What needs to be done: Begin with the line holding "extrude(amount=F4_DEPTH, both=True, mode=Mode.SUBTRACT)", then print every line after it through the end of the data, exactly and with nothing added.

Records to process:
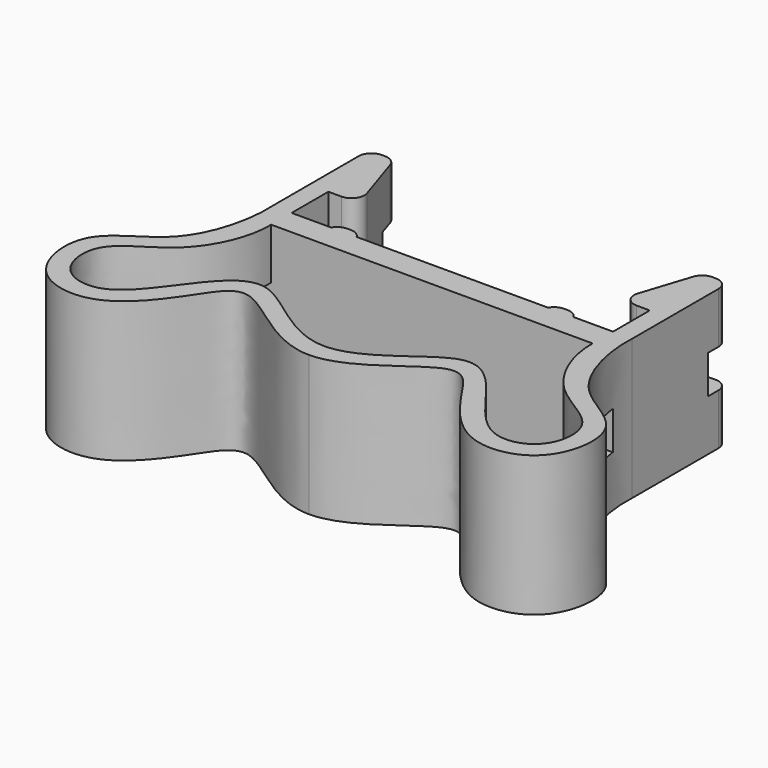
from build123d import *

# Parameters (mm, degrees)
F0_W        = 2
F0_H        = 0.5
F1_DEPTH    = 11
F2_T1_DEPTH = 17.8819096024
F2_T3_DEPTH = 16
F2_T5_DEPTH = 14.63271264
F2_T7_DEPTH = 15.3301270189
F3_W        = 2
F3_H        = 3
F4_DEPTH    = 15


# Not quite as in the source:
# - a fillet or chamfer that OpenCascade refuses, or shapes differently, is made with other operations: its cross-section is extruded or revolved along the edge and cut away or added


with BuildPart() as f1:
    # F0 (on Top) → F1 (new body)
    with BuildSketch(Plane.XY):
        with BuildLine():
            Line((-14.1, 9.4475987206), (-14.1, 0))
            add(Edge.make_bspline(
                [(-14.1, 0), (-13.9666085935, -1.9503301305), (-15.0750300263, -7.6287393484), (-21.3730788003, -9.3291396524), (-20.4128316218, -16.3144858473), (-14.259658092, -17.4352339168), (-10.6266757986, -12.5631403321), (-8.07173481, -8.20416774), (-3.298607474, -14.0162183623), (0, -14.0419555828)],
                knots=[0, 0, 0, 0, 0.1580523046, 0.2988042817, 0.4345842251, 0.5663505105, 0.7117959604, 0.8211329211, 1, 1, 1, 1], degree=3))
            add(Edge.make_bspline(
                [(14.1, 0), (13.9666085935, -1.9503301305), (15.0750300263, -7.6287393484), (21.3730788003, -9.3291396524), (20.4128316218, -16.3144858473), (14.259658092, -17.4352339168), (10.6266757986, -12.5631403321), (8.07173481, -8.20416774), (3.298607474, -14.0162183623), (0, -14.0419555828)],
                knots=[0, 0, 0, 0, 0.1580523046, 0.2988042817, 0.4345842251, 0.5663505105, 0.7117959604, 0.8211329211, 1, 1, 1, 1], degree=3))
            Line((14.1, 0), (14.1, 9.4475987206))
            Line((14.1, 9.4475987206), (12.1, 9.4475987206))
            Line((12.1, 9.4475987206), (10.2, 3.6))
            Line((10.2, 3.6), (12.6, 3.6))
            Line((12.6, 3.6), (12.6, 0))
            Line((12.6, 0), (9.5, 0))
            Line((9.5, 0), (7.5, 0))
            Line((7.5, 0), (0, 0))
            Line((0, 0), (-7.5, 0))
            Line((-7.5, 0), (-9.5, 0))
            Line((-9.5, 0), (-12.6, 0))
            Line((-12.6, 0), (-12.6, 3.6))
            Line((-12.6, 3.6), (-10.2, 3.6))
            Line((-10.2, 3.6), (-12.1, 9.4475987206))
            Line((-12.1, 9.4475987206), (-14.1, 9.4475987206))
        make_face()
        with BuildLine():
            add(Edge.make_bspline(
                [(-12.6, -2), (-12.5584885174, -4.0488143731), (-14.3514424803, -8.4231611099), (-19.6579670763, -10.1247790951), (-19.0854803087, -14.8444965683), (-14.951052578, -15.8383241392), (-11.9555900431, -11.5662850742), (-7.8077190594, -6.3441347041), (-3.2070761008, -12.5136579418), (0, -12.5419555828)],
                knots=[0, 0, 0, 0, 0.1589928689, 0.2993855539, 0.4170039917, 0.5292468706, 0.6723550613, 0.8117091941, 1, 1, 1, 1], degree=3))
            Line((-12.6, -2), (12.6, -2))
            add(Edge.make_bspline(
                [(12.6, -2), (12.5584885174, -4.0488143731), (14.3514424803, -8.4231611099), (19.6579670763, -10.1247790951), (19.0854803087, -14.8444965683), (14.951052578, -15.8383241392), (11.9555900431, -11.5662850742), (7.8077190594, -6.3441347041), (3.2070761008, -12.5136579418), (0, -12.5419555828)],
                knots=[0, 0, 0, 0, 0.1589928689, 0.2993855539, 0.4170039917, 0.5292468706, 0.6723550613, 0.8117091941, 1, 1, 1, 1], degree=3))
        make_face(mode=Mode.SUBTRACT)
        with Locations((-8.5, 0.25)):
            Rectangle(F0_W, F0_H)
        with Locations((8.5, 0.25)):
            Rectangle(F0_W, F0_H)
    extrude(amount=F1_DEPTH)

    # F2: fillet of radius 1 on 10 edges, made by hand

    # F2_s2 → F2_t1 (cut)
    with BuildSketch(Plane.XY.offset(-3.4409548012)):
        with BuildLine():
            ThreePointArc((-11.5763819205, 3.6), (-10.7673649261, 4.0122147477), (-10.6253254042, 4.9090169944))
            Line((-10.6253254042, 4.9090169944), (-10.2, 3.6))
            Line((-10.2, 3.6), (-11.5763819205, 3.6))
        make_face()
        with BuildLine():
            ThreePointArc((10.6253254042, 4.9090169944), (10.7673649261, 4.0122147477), (11.5763819205, 3.6))
            Line((11.5763819205, 3.6), (10.2, 3.6))
            Line((10.2, 3.6), (10.6253254042, 4.9090169944))
        make_face()
    extrude(amount=F2_T1_DEPTH, mode=Mode.SUBTRACT)

    # F2_s4 → F2_t3 (cut)
    with BuildSketch(Plane.XY.offset(-2.5)):
        with BuildLine():
            ThreePointArc((-14.1, 8.4475987206), (-13.8071067812, 9.1547055018), (-13.1, 9.4475987206))
            Line((-13.1, 9.4475987206), (-14.1, 9.4475987206))
            Line((-14.1, 9.4475987206), (-14.1, 8.4475987206))
        make_face()
        with BuildLine():
            ThreePointArc((14.1, 8.4475987206), (13.8071067812, 9.1547055018), (13.1, 9.4475987206))
            Line((13.1, 9.4475987206), (14.1, 9.4475987206))
            Line((14.1, 9.4475987206), (14.1, 8.4475987206))
        make_face()
    extrude(amount=F2_T3_DEPTH, mode=Mode.SUBTRACT)

    # F2_s6 → F2_t5 (cut)
    with BuildSketch(Plane.XY.offset(-1.81635632)):
        with BuildLine():
            ThreePointArc((-11.8754860117, 8.756615715), (-12.2387572757, 9.256615715), (-12.826542528, 9.4475987206))
            Line((-12.826542528, 9.4475987206), (-12.1, 9.4475987206))
            Line((-12.1, 9.4475987206), (-11.8754860117, 8.756615715))
        make_face()
        with BuildLine():
            ThreePointArc((12.826542528, 9.4475987206), (12.2387572757, 9.256615715), (11.8754860117, 8.756615715))
            Line((11.8754860117, 8.756615715), (12.1, 9.4475987206))
            Line((12.1, 9.4475987206), (12.826542528, 9.4475987206))
        make_face()
    extrude(amount=F2_T5_DEPTH, mode=Mode.SUBTRACT)

    # F2_s8 → F2_t7 (cut)
    with BuildSketch(Plane.XY.offset(-2.1650635095)):
        with BuildLine():
            ThreePointArc((-8.6339745962, 0.5), (-9.1339745962, 0.3660254038), (-9.5, 0))
            Line((-9.5, 0), (-9.5, 0.5))
            Line((-9.5, 0.5), (-8.6339745962, 0.5))
        make_face()
        with BuildLine():
            ThreePointArc((-7.5, 0), (-7.8660254038, 0.3660254038), (-8.3660254038, 0.5))
            Line((-8.3660254038, 0.5), (-7.5, 0.5))
            Line((-7.5, 0.5), (-7.5, 0))
        make_face()
        with BuildLine():
            ThreePointArc((8.3660254038, 0.5), (7.8660254038, 0.3660254038), (7.5, 0))
            Line((7.5, 0), (7.5, 0.5))
            Line((7.5, 0.5), (8.3660254038, 0.5))
        make_face()
        with BuildLine():
            ThreePointArc((9.5, 0), (9.1339745962, 0.3660254038), (8.6339745962, 0.5))
            Line((8.6339745962, 0.5), (9.5, 0.5))
            Line((9.5, 0.5), (9.5, 0))
        make_face()
    extrude(amount=F2_T7_DEPTH, mode=Mode.SUBTRACT)

    # F3 (on Right) → F4 (cut, symmetric)
    with BuildSketch(Plane.YZ):
        with Locations((-3, 5.5)):
            Rectangle(F3_W, F3_H)
        with Locations((8.4475987206, 5.5)):
            Rectangle(F3_W, F3_H)
    extrude(amount=F4_DEPTH, both=True, mode=Mode.SUBTRACT)


solid = f1.part

Task output:
    extrude(amount=F4_DEPTH, both=True, mode=Mode.SUBTRACT)


solid = f1.part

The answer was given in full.